There is a mens boutique that is currently having a 50% off sale on suits. They sell Canali and Coppley. Now, I really dont need another suit, but at these prices, it could never hurt to have an extra. The starting price of the Coppley is around 900 bucks, so half off would be quite a steal. The problem is, I dont know much about them. Are they a nice, modern (trim) cut? Are they fully canvassed? Would it be worth the extra money to spring for a Canali? Any tips you guys could give me would be appreciated


----------



## hockeyinsider (May 8, 2006)

ramair57 said:


> There is a mens boutique that is currently having a 50% off sale on suits. They sell Canali and Coppley. Now, I really dont need another suit, but at these prices, it could never hurt to have an extra. The starting price of the Coppley is around 900 bucks, so half off would be quite a steal. The problem is, I dont know much about them. Are they a nice, modern (trim) cut? Are they fully canvassed? Would it be worth the extra money to spring for a Canali? Any tips you guys could give me would be appreciated


It shows you the profit margin and how inflated clothing is today. I suspect the store's cost on that suit is about $300.


----------



## thefancyman (Apr 24, 2009)

Coppley is a Canadian based company and they manufacture their suits in Canada. Coppley suits from what I understand are half-canvass construction and machine-made. They have made suits and trousers for Brooks Brothers in the past including Madison suits for the 1818 line. They are currently owned by Hart Schaffner Marx unless that changed under the new ownership of Hartmarx. Depending on your budget, taste and which cut best fits your body type you may want to upgrade to Canali which are full-canvass with some hand-stitched detailing and finer materials but there is nothing wrong with Coppley suits. The cut is boxy and traditional akin to the BB Madison cut but you could always have a skilled tailor give it some shape.


----------



## PJC in NoVa (Jan 23, 2005)

You're asking about the cut and whether it's trim . . . have you been in to try one on? That's the only _real _way to tell if it will work for you.

As for the comparison, I'd take a Coppley that basically fit me well over a Canali that didn't, even if the latter is better-made.


----------



## Thurnau (Apr 14, 2010)

Coppley's strong point is that you can custom fit the pants from the factory. I have bought 3 pairs. I told them I want mine to fit like zanella todds, but not so tapered at the ankle, and a slightly lower rise. The pants are durable. My problem is that the Coppley sales rep promised he could make the pockets 2 inches deeper as the pockets are shallow and my cell phone falls out every time I get in my car.

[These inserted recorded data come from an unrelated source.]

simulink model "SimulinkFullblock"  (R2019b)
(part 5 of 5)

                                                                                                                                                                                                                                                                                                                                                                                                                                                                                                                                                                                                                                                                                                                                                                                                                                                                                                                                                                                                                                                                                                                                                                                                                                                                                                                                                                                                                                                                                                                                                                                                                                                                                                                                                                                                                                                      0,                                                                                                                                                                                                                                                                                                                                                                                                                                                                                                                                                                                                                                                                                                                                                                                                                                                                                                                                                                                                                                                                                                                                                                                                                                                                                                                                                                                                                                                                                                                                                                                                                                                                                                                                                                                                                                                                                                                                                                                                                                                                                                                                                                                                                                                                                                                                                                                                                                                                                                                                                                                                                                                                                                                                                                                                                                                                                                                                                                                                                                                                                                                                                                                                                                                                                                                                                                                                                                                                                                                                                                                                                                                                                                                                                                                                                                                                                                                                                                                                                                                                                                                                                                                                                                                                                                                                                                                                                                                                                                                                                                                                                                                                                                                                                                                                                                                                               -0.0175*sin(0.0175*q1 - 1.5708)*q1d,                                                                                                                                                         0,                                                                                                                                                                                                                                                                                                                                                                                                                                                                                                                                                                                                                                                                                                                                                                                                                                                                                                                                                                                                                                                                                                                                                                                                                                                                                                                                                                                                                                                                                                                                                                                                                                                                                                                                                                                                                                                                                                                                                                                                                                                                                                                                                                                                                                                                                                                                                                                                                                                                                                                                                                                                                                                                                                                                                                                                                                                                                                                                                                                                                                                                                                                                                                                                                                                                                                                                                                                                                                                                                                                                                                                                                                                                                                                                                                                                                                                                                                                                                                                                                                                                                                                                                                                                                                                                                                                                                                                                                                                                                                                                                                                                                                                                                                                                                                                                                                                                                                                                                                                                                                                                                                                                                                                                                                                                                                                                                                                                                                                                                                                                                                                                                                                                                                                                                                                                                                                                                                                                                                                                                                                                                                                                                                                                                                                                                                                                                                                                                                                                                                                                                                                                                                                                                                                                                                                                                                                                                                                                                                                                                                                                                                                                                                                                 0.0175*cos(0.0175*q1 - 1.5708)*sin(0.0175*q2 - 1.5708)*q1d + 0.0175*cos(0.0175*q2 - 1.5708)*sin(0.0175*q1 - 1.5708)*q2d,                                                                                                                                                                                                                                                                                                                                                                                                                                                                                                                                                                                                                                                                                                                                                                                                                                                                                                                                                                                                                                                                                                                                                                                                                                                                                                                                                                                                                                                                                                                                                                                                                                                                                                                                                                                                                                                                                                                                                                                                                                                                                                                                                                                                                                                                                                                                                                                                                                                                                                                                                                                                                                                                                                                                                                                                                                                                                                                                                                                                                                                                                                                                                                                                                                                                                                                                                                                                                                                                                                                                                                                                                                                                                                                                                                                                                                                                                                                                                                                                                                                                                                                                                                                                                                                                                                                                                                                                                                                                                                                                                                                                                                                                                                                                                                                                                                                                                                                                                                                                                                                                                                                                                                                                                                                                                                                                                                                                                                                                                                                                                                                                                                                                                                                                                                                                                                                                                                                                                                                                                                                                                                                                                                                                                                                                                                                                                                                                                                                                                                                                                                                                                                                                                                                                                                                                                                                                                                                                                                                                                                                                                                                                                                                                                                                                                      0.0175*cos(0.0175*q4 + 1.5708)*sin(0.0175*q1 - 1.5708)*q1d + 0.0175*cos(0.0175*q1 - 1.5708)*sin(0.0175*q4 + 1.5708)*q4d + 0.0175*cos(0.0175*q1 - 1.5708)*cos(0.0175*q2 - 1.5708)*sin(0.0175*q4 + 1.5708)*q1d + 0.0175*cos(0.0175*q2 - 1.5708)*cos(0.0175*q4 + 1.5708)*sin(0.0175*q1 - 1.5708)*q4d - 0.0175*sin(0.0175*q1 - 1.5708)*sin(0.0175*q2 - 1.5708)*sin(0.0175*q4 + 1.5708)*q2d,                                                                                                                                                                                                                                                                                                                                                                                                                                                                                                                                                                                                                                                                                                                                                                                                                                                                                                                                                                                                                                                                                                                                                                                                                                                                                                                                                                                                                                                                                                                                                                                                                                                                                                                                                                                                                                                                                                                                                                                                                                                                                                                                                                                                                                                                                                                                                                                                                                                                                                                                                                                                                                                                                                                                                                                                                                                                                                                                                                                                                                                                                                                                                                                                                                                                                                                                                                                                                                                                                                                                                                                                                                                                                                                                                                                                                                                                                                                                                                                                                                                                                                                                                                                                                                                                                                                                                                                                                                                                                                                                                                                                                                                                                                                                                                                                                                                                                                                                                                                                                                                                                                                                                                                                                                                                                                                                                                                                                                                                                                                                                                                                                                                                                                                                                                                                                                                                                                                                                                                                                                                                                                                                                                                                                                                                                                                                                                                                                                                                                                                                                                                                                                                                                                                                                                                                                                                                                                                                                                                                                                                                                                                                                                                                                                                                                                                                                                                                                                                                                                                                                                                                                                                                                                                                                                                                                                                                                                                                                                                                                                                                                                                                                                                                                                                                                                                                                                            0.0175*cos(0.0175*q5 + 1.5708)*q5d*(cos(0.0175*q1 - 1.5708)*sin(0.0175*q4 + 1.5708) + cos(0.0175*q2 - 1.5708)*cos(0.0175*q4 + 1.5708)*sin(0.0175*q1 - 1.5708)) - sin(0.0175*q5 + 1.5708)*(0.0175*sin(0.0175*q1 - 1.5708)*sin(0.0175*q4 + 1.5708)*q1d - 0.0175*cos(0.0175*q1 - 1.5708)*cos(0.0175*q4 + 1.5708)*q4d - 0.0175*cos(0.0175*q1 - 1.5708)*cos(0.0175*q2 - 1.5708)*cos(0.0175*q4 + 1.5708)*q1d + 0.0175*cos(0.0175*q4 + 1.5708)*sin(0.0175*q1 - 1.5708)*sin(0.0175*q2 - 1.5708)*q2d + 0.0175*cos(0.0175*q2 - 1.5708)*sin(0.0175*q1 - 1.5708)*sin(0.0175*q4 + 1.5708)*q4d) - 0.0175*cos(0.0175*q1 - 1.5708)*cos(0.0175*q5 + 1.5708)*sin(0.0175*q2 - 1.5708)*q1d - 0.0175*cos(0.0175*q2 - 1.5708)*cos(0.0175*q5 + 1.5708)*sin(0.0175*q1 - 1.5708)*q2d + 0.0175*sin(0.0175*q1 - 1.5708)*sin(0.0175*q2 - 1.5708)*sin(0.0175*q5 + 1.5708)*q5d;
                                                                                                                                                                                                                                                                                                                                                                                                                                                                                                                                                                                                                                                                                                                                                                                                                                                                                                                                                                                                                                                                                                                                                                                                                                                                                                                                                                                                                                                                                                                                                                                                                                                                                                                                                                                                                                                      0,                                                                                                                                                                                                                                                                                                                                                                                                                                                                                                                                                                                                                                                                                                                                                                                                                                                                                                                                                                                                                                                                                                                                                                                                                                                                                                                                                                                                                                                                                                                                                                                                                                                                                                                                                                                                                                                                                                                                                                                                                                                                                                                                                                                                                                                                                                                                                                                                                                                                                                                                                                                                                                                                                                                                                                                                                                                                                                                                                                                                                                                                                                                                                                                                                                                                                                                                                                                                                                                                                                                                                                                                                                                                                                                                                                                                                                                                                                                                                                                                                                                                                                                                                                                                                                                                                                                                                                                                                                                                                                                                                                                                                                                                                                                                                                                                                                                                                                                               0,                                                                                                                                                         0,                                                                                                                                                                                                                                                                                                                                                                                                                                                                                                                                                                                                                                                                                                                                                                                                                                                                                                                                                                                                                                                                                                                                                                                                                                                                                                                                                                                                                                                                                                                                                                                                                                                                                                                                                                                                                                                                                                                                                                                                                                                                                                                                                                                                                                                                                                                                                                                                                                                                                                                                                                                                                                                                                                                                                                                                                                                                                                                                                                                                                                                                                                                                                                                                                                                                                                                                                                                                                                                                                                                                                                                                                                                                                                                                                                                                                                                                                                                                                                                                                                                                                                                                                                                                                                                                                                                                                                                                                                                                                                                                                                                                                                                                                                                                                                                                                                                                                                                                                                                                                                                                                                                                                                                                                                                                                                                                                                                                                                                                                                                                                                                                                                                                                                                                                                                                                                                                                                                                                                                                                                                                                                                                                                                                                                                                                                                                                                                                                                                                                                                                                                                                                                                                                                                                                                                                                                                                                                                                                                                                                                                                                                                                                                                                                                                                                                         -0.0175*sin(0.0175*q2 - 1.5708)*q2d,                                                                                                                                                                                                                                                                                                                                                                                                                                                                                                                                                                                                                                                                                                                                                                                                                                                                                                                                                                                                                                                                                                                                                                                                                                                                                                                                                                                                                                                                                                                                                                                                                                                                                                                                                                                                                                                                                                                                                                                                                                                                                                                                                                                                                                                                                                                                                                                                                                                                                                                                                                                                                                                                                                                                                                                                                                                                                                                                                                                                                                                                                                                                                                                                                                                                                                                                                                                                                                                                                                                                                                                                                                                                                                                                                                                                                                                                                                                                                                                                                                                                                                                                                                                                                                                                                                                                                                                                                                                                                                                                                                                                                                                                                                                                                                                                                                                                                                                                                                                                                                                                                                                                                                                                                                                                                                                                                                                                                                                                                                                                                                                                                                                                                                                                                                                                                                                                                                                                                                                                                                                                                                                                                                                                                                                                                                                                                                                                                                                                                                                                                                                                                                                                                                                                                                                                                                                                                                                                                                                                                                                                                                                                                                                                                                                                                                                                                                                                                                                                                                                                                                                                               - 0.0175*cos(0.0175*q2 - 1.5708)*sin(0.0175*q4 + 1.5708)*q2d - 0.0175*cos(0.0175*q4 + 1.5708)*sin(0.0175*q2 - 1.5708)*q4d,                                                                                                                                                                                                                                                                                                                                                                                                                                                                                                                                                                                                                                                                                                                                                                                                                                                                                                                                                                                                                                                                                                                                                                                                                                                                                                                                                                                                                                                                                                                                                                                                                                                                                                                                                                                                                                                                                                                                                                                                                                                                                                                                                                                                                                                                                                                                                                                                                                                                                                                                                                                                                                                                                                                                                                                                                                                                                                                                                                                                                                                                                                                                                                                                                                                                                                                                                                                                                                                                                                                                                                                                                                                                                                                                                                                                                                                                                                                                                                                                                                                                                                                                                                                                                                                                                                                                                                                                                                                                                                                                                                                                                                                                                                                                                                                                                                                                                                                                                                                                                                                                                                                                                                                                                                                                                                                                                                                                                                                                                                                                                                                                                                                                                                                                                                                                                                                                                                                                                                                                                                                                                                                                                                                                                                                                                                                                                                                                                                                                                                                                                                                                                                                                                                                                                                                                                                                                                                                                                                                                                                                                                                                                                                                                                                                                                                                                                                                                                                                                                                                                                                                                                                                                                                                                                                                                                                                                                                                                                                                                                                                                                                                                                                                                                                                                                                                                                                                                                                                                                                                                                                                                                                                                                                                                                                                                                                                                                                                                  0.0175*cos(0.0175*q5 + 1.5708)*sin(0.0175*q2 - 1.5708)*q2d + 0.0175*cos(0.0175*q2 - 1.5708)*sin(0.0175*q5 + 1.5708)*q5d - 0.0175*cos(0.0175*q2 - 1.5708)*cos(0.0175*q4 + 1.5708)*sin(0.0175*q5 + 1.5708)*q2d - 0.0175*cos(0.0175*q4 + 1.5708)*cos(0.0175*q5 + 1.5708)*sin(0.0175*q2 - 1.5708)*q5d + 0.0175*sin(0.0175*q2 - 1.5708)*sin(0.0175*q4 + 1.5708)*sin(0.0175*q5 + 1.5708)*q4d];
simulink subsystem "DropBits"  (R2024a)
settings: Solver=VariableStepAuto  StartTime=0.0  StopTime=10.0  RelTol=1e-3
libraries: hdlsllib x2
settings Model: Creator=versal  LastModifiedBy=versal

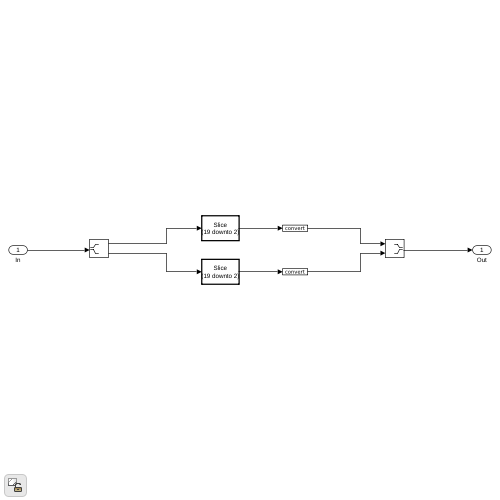
[thumbnail: Simulink's stored preview of the top-level diagram]
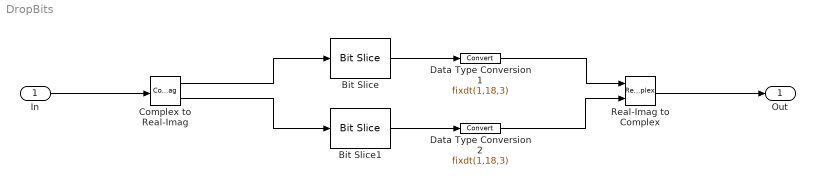
== system DropBits ==
  In : Inport
  Bit Slice : hdlsllib/Logic and Bit Operations/Bit Slice  lidx=19  ridx=2
  Bit Slice1 : hdlsllib/Logic and Bit Operations/Bit Slice  lidx=19  ridx=2
  Complex to Real-Imag : ComplexToRealImag
  Data Type Conversion1 : DataTypeConversion  OutDataTypeStr=fixdt(1,18,3)  SaturateOnIntegerOverflow=off  RndMeth=Floor
  Data Type Conversion2 : DataTypeConversion  OutDataTypeStr=fixdt(1,18,3)  SaturateOnIntegerOverflow=off  RndMeth=Floor
  Real-Imag to Complex : RealImagToComplex
  Out : Outport
  wires:
  Bit Slice/1 -> Data Type Conversion1/1
  Complex to Real-Imag/1 -> Bit Slice/1
  In/1 -> Complex to Real-Imag/1
  Data Type Conversion1/1 -> Real-Imag to Complex/1
  Real-Imag to Complex/1 -> Out/1
  Bit Slice1/1 -> Data Type Conversion2/1
  Complex to Real-Imag/2 -> Bit Slice1/1
  Data Type Conversion2/1 -> Real-Imag to Complex/2
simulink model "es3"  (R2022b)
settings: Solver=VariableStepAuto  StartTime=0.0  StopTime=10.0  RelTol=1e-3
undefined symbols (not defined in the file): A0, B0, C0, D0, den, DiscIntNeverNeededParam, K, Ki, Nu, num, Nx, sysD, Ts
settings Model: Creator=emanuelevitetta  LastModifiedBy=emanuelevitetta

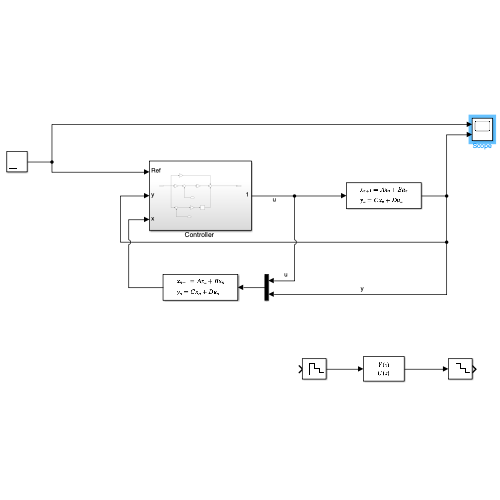
[thumbnail: Simulink's stored preview of the top-level diagram]
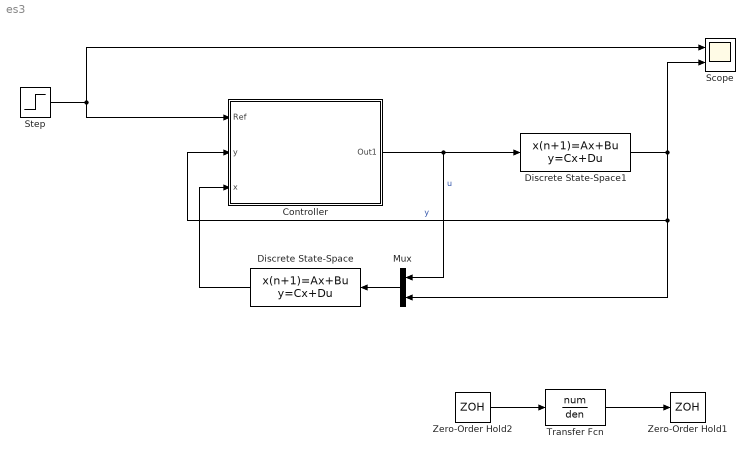
== system es3 ==
  "Controller " : Subsystem
  Discrete State-Space : DiscreteStateSpace  A=A0  B=B0  C=C0  D=D0  SampleTime=Ts
  Discrete State-Space1 : DiscreteStateSpace  A=sysD.A  B=sysD.B  C=sysD.C  D=sysD.D  SampleTime=-1
  Mux : Mux  Inputs=2
  Scope : Scope  NumInputPorts=2
  Step : Step  SampleTime=0
  Transfer Fcn : TransferFcn  Numerator=num  Denominator=den
  Zero-Order Hold1 : ZeroOrderHold  SampleTime=Ts
  Zero-Order Hold2 : ZeroOrderHold  SampleTime=Ts
  wires:
  Step/1 -> "Controller "/1(Ref), Scope/1
  Discrete State-Space/1 -> "Controller "/3(x)
  "Controller "/1(Out1) -> Mux/1, Discrete State-Space1/1  "u"
  Mux/1 -> Discrete State-Space/1
  Discrete State-Space1/1 -> "Controller "/2(y), Mux/2, Scope/2  "y"
  Transfer Fcn/1 -> Zero-Order Hold1/1
  Zero-Order Hold2/1 -> Transfer Fcn/1

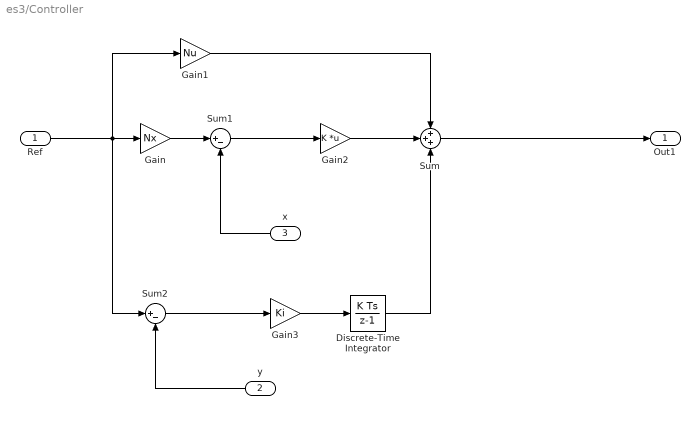
== system es3/Controller  ==
  Ref : Inport
  y : Inport  Port=2
  x : Inport  Port=3
  Discrete-Time Integrator : DiscreteIntegrator  SampleTime=Ts  ICPrevOutput=DiscIntNeverNeededParam  ICPrevScaledInput=DiscIntNeverNeededParam
  Gain : Gain  Gain=Nx
  Gain1 : Gain  Gain=Nu
  Gain2 : Gain  Gain=K  Multiplication=Matrix(K*u)
  Gain3 : Gain  Gain=Ki
  Sum : Sum  Inputs=+++
  Sum1 : Sum  Inputs=|+-
  Sum2 : Sum  Inputs=|+-
  Out1 : Outport
  wires:
  Ref/1 -> Sum2/1, Gain1/1, Gain/1
  Gain2/1 -> Sum/2
  Gain1/1 -> Sum/1
  Gain3/1 -> Discrete-Time Integrator/1
  Discrete-Time Integrator/1 -> Sum/3
  Sum1/1 -> Gain2/1
  Gain/1 -> Sum1/1
  Sum2/1 -> Gain3/1
  x/1 -> Sum1/2
  y/1 -> Sum2/2
  Sum/1 -> Out1/1

A long nightmare story, but the sales rep mispoke when he said they could lengthen the pockets, the factory lied to the store I bought them from stating the pockets were made longer, then when confronted again they said it was impossible and they do not have the capability so they altered them hobo style with non matching coarse fabric. My local friendly store is going to make it right by using their personal tailor to repair the pocket. 

Although the quality is decent, and custom fit is nice I can not recommend the brand based on the nightmare I had and the way they treated me and my local store.


----------